Parenting Styles in Counselling
Many parents who have come to the counselling session are prepared to speak with the counsellor to gain some insight into an issue or problem. But some parents do not understand why they need to be involved in the counselling sessions, and others know why, but do not want to be involved.
Some parents are silent, (Ollier, and Hobday, 2001). Maybe their anxiety is due to their fear of being blamed for their child’s behaviour. It is important for the counsellor to explain that if a child does partake in negative behaviour, it is not always because something is happening at home, sometimes the cause can be associated with school or friends and acquaintances.

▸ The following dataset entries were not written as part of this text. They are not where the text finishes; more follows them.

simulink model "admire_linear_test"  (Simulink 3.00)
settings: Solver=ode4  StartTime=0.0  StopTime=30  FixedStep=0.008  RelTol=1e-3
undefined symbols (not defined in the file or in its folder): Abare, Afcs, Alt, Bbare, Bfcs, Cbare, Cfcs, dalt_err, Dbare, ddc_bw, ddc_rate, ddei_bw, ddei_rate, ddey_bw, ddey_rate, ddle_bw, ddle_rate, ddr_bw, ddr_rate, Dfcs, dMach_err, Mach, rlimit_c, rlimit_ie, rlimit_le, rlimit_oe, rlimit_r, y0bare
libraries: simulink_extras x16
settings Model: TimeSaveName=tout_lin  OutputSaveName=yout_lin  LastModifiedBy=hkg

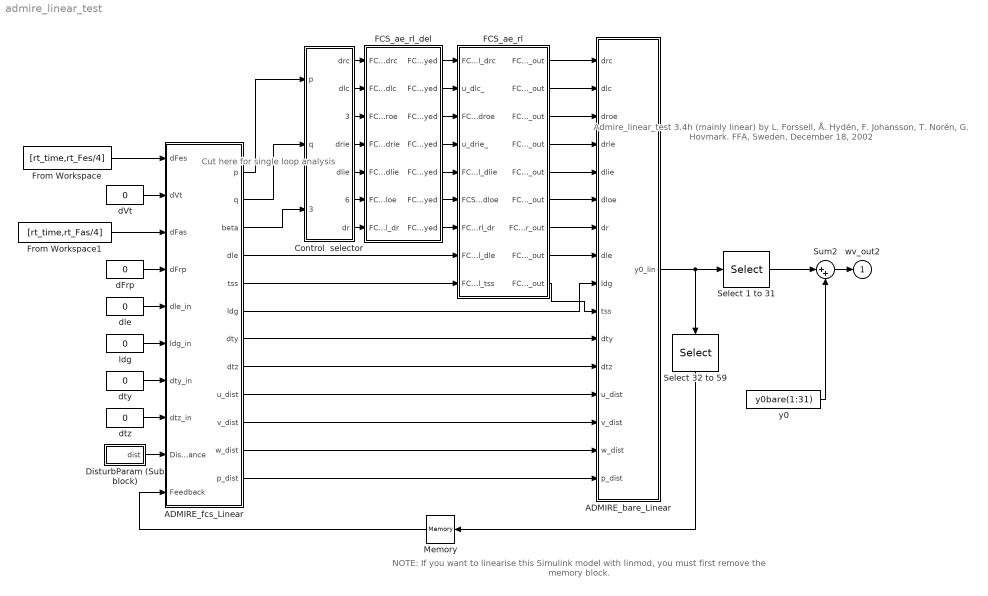
== system admire_linear_test ==
  note: Admire_linear_test 3.4h
      | (mainly linear)
      | by  L. Forssell,
      | Å. Hydén,
      | F. Johansson,
      | T. Norén,
      | G. Hovmark.
      | FFA, Sweden,
      | December 18, 2002
  note: Cut
      | here
      | for
      | single
      | loop
      | analysis
  note: NOTE: If you want to linearise this Simulink model
      | with linmod, you must first
      | remove the memory block.
  ADMIRE_bare_Linear : Subsystem
  ADMIRE_fcs_Linear : Subsystem
  Control  selector : Subsystem
  DisturbParam (Sub block) : Subsystem
  FCS_ae_rl : Subsystem
      mask Display: disp('Saturators,\nRatelimiters\nand\nActuators\n\nMach No and\nrate limiter\ndata are\ntaken from\nWorkspace\n\nAll inital\nstates empty')
  FCS_ae_rl_del : Subsystem
      mask Display: disp('Total\nComputer\nDelay\n\nAll inital\nstates empty')
  From Workspace : FromWorkspace  VariableName=[rt_time,rt_Fes/4]  SampleTime=0  HoldFinalValue=off
  From Workspace1 : FromWorkspace  VariableName=[rt_time,rt_Fas/4]  SampleTime=0  HoldFinalValue=off
  Memory : Memory  Orientation=left  X0=0  InheritSampleTime=off
  Select 1 to 31 : Selector  Elements=[1:31]  InputPortWidth=59
  Select 32 to 59 : Selector  Orientation=down  Elements=[32:59]  InputPortWidth=59
  Sum2 : Sum  Inputs=|++  SaturateOnIntegerOverflow=on
  dFrp : Constant  Value=0
  dVt : Constant  Value=0
  dle : Constant  Value=0
  dty : Constant  Value=0
  dtz : Constant  Value=0
  ldg : Constant  Value=0
  y0 : Constant  Value=y0bare(1:31)
  wv_out2 : Outport  Port=1  InitialOutput=0
  wires:
  dle/1 -> ADMIRE_fcs_Linear/5(dle_in)
  ldg/1 -> ADMIRE_fcs_Linear/6(ldg_in)
  dty/1 -> ADMIRE_fcs_Linear/7(dty_in)
  dtz/1 -> ADMIRE_fcs_Linear/8(dtz_in)
  DisturbParam (Sub block)/1(dist) -> ADMIRE_fcs_Linear/9(Disturbance)
  dFrp/1 -> ADMIRE_fcs_Linear/4(dFrp)
  dVt/1 -> ADMIRE_fcs_Linear/2(dVt)
  ADMIRE_fcs_Linear/12(p_dist) -> ADMIRE_bare_Linear/16(p_dist)
  ADMIRE_fcs_Linear/8(dtz) -> ADMIRE_bare_Linear/12(dtz)
  ADMIRE_fcs_Linear/7(dty) -> ADMIRE_bare_Linear/11(dty)
  FCS_ae_rl_del/1(FCS_ae_rl_del_drc_delayed) -> FCS_ae_rl/1(FCS_ae_rl_drc)
  FCS_ae_rl_del/2(FCS_ae_rl_del_dlc_delayed) -> FCS_ae_rl/2(u_dlc_)
  FCS_ae_rl_del/3(FCS_ae_rl_del_droe_delayed) -> FCS_ae_rl/3(FCS_ae_rl_droe)
  FCS_ae_rl_del/4(FCS_ae_rl_del_drie_delayed) -> FCS_ae_rl/4(u_drie_)
  FCS_ae_rl_del/5(FCS_ae_rl_del_dlie_delayed) -> FCS_ae_rl/5(FCS_ae_rl_dlie)
  FCS_ae_rl_del/6(FCS_ae_rl_del_dloe_delayed) -> FCS_ae_rl/6(FCS_ae_rl_dloe)
  FCS_ae_rl_del/7(FCS_ae_rl_del_dr_delayed) -> FCS_ae_rl/7(FCS_ae_rl_dr)
  ADMIRE_fcs_Linear/4(dle) -> FCS_ae_rl/8(FCS_ae_rl_dle)
  ADMIRE_fcs_Linear/5(tss) -> FCS_ae_rl/9(FCS_ae_rl_tss)
  ADMIRE_fcs_Linear/6(ldg) -> ADMIRE_bare_Linear/9(ldg)
  ADMIRE_fcs_Linear/9(u_dist) -> ADMIRE_bare_Linear/13(u_dist)
  ADMIRE_fcs_Linear/10(v_dist) -> ADMIRE_bare_Linear/14(v_dist)
  ADMIRE_fcs_Linear/11(w_dist) -> ADMIRE_bare_Linear/15(w_dist)
  FCS_ae_rl/1(FCS_ae_rl_drc_out) -> ADMIRE_bare_Linear/1(drc)
  FCS_ae_rl/2(FCS_ae_rl_dlc_out) -> ADMIRE_bare_Linear/2(dlc)
  FCS_ae_rl/3(FCS_ae_rl_droe_out) -> ADMIRE_bare_Linear/3(droe)
  FCS_ae_rl/4(FCS_ae_rl_drie_out) -> ADMIRE_bare_Linear/4(drie)
  FCS_ae_rl/5(FCS_ae_rl_dlie_out) -> ADMIRE_bare_Linear/5(dlie)
  FCS_ae_rl/6(FCS_ae_rl_dloe_out) -> ADMIRE_bare_Linear/6(dloe)
  FCS_ae_rl/7(FCS_ae_rl_dr_out) -> ADMIRE_bare_Linear/7(dr)
  FCS_ae_rl/8(FCS_ae_rl_dle_out) -> ADMIRE_bare_Linear/8(dle)
  FCS_ae_rl/9(FCS_ae_rl_tss_out) -> ADMIRE_bare_Linear/10(tss)
  ADMIRE_bare_Linear/1(y0_lin) -> Select 1 to 31/1, Select 32 to 59/1
  Select 32 to 59/1 -> Memory/1
  Sum2/1 -> wv_out2/1
  y0/1 -> Sum2/2
  Select 1 to 31/1 -> Sum2/1
  Memory/1 -> ADMIRE_fcs_Linear/10(Feedback)
  Control  selector/1(drc) -> FCS_ae_rl_del/1(FCS_ae_rl_del_drc)
  Control  selector/2(dlc) -> FCS_ae_rl_del/2(FCS_ae_rl_del_dlc)
  Control  selector/3(droe) -> FCS_ae_rl_del/3(FCS_ae_rl_del_droe)
  Control  selector/4(drie) -> FCS_ae_rl_del/4(FCS_ae_rl_del_drie)
  Control  selector/5(dlie) -> FCS_ae_rl_del/5(FCS_ae_rl_del_dlie)
  Control  selector/6(dloe) -> FCS_ae_rl_del/6(FCS_ae_rl_del_dloe)
  Control  selector/7(dr) -> FCS_ae_rl_del/7(FCS_ae_rl_del_dr)
  ADMIRE_fcs_Linear/1(p) -> Control  selector/1(p)
  ADMIRE_fcs_Linear/2(q) -> Control  selector/2(q)
  ADMIRE_fcs_Linear/3(beta) -> Control  selector/3(beta)
  From Workspace/1 -> ADMIRE_fcs_Linear/1(dFes)
  From Workspace1/1 -> ADMIRE_fcs_Linear/3(dFas)

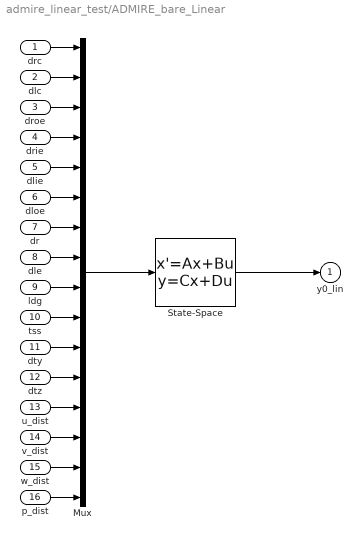
== system admire_linear_test/ADMIRE_bare_Linear ==
  drc : Inport  Port=1  PortWidth=-1  SampleTime=-1  DataType=auto
      settings: SignalType=auto
  dlc : Inport  Port=2  PortWidth=-1  SampleTime=-1  DataType=auto
      settings: SignalType=auto
  droe : Inport  Port=3  PortWidth=-1  SampleTime=-1  DataType=auto
      settings: SignalType=auto
  drie : Inport  Port=4  PortWidth=-1  SampleTime=-1  DataType=auto
      settings: SignalType=auto
  dlie : Inport  Port=5  PortWidth=-1  SampleTime=-1  DataType=auto
      settings: SignalType=auto
  dloe : Inport  Port=6  PortWidth=-1  SampleTime=-1  DataType=auto
      settings: SignalType=auto
  dr : Inport  Port=7  PortWidth=-1  SampleTime=-1  DataType=auto
      settings: SignalType=auto
  dle : Inport  Port=8  PortWidth=-1  SampleTime=-1  DataType=auto
      settings: SignalType=auto
  ldg : Inport  Port=9  PortWidth=-1  SampleTime=-1  DataType=auto
      settings: SignalType=auto
  tss : Inport  Port=10  PortWidth=-1  SampleTime=-1  DataType=auto
      settings: SignalType=auto
  dty : Inport  Port=11  PortWidth=-1  SampleTime=-1  DataType=auto
      settings: SignalType=auto
  dtz : Inport  Port=12  PortWidth=-1  SampleTime=-1  DataType=auto
      settings: SignalType=auto
  u_dist : Inport  Port=13  PortWidth=-1  SampleTime=-1  DataType=auto
      settings: SignalType=auto
  v_dist : Inport  Port=14  PortWidth=-1  SampleTime=-1  DataType=auto
      settings: SignalType=auto
  w_dist : Inport  Port=15  PortWidth=-1  SampleTime=-1  DataType=auto
      settings: SignalType=auto
  p_dist : Inport  Port=16  PortWidth=-1  SampleTime=-1  DataType=auto
      settings: SignalType=auto
  Mux : Mux  Inputs=16
      settings: DisplayOption=none
  State-Space : StateSpace  A=Abare  B=Bbare  C=Cbare  D=Dbare  X0=[]
  y0_lin : Outport  Port=1  InitialOutput=0
  wires:
  w_dist/1 -> Mux/15
  p_dist/1 -> Mux/16
  drc/1 -> Mux/1
  dlc/1 -> Mux/2
  droe/1 -> Mux/3
  drie/1 -> Mux/4
  dlie/1 -> Mux/5
  dloe/1 -> Mux/6
  dr/1 -> Mux/7
  dle/1 -> Mux/8
  ldg/1 -> Mux/9
  tss/1 -> Mux/10
  dty/1 -> Mux/11
  dtz/1 -> Mux/12
  u_dist/1 -> Mux/13
  v_dist/1 -> Mux/14
  Mux/1 -> State-Space/1
  State-Space/1 -> y0_lin/1

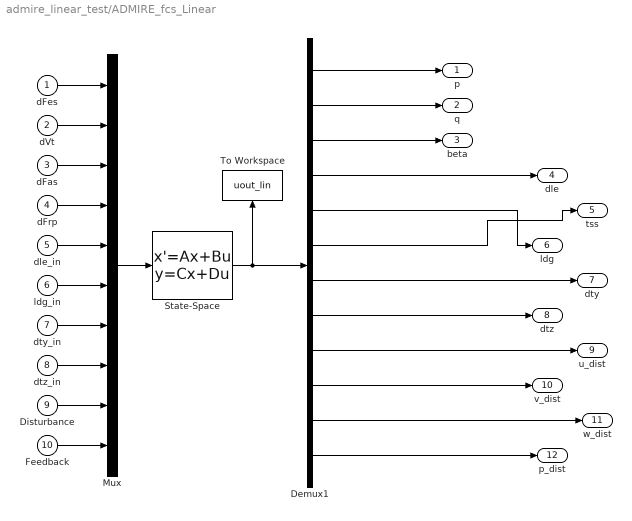
== system admire_linear_test/ADMIRE_fcs_Linear ==
  dFes : Inport  Port=1  PortWidth=-1  SampleTime=-1  DataType=auto
      settings: SignalType=auto
  dVt : Inport  Port=2  PortWidth=-1  SampleTime=-1  DataType=auto
      settings: SignalType=auto
  dFas : Inport  Port=3  PortWidth=-1  SampleTime=-1  DataType=auto
      settings: SignalType=auto
  dFrp : Inport  Port=4  PortWidth=-1  SampleTime=-1  DataType=auto
      settings: SignalType=auto
  dle_in : Inport  Port=5  PortWidth=-1  SampleTime=-1  DataType=auto
      settings: SignalType=auto
  ldg_in : Inport  Port=6  PortWidth=-1  SampleTime=-1  DataType=auto
      settings: SignalType=auto
  dty_in : Inport  Port=7  PortWidth=-1  SampleTime=-1  DataType=auto
      settings: SignalType=auto
  dtz_in : Inport  Port=8  PortWidth=-1  SampleTime=-1  DataType=auto
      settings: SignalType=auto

Encourage the parents to work with you to find a solution.
Dependent parents can believe that the counsellor will “fix the problem” or they can become dependent upon meeting with the counsellor because they leave the counsellor feeling positive. Encourage the parent to take responsibility for their decisions, encourage autonomy.
Aggressive parents need a different strategy altogether. Never see these clients late in the afternoon or when you could be in the office alone. Always ensure you have an “emergency exit” plan in place if you find you need to quickly leave the room. If children are present, remove the children saying: “I’ll just take the children out to the play area so we can discuss this matter ourselves”, or something similar.
In separated families, the division of loyalties can be difficult for children to manage. This can often raise issues as to which parent should be involved in the counselling session. Remember, with the use of open questions, empathic responses and the use of solution-focused therapy, the counsellor must always encourage the parents, to move toward working together to promote the best outcome for the child.
Foster carers and adoptive parents will probably never know the full extent of a particular child’s past experiences (Ollier, et. al. 2001). As a significant number of foster care children and adopted children have been abused or neglected, they often suffer emotional disturbances that can cause behavioural problems. Gaining trust with these children is a common problem as many children will spend a lot of energy “testing the waters” to find how their new (foster or adoptive) parents will respond to provocation. This can cause the parents to have feelings of inadequacy.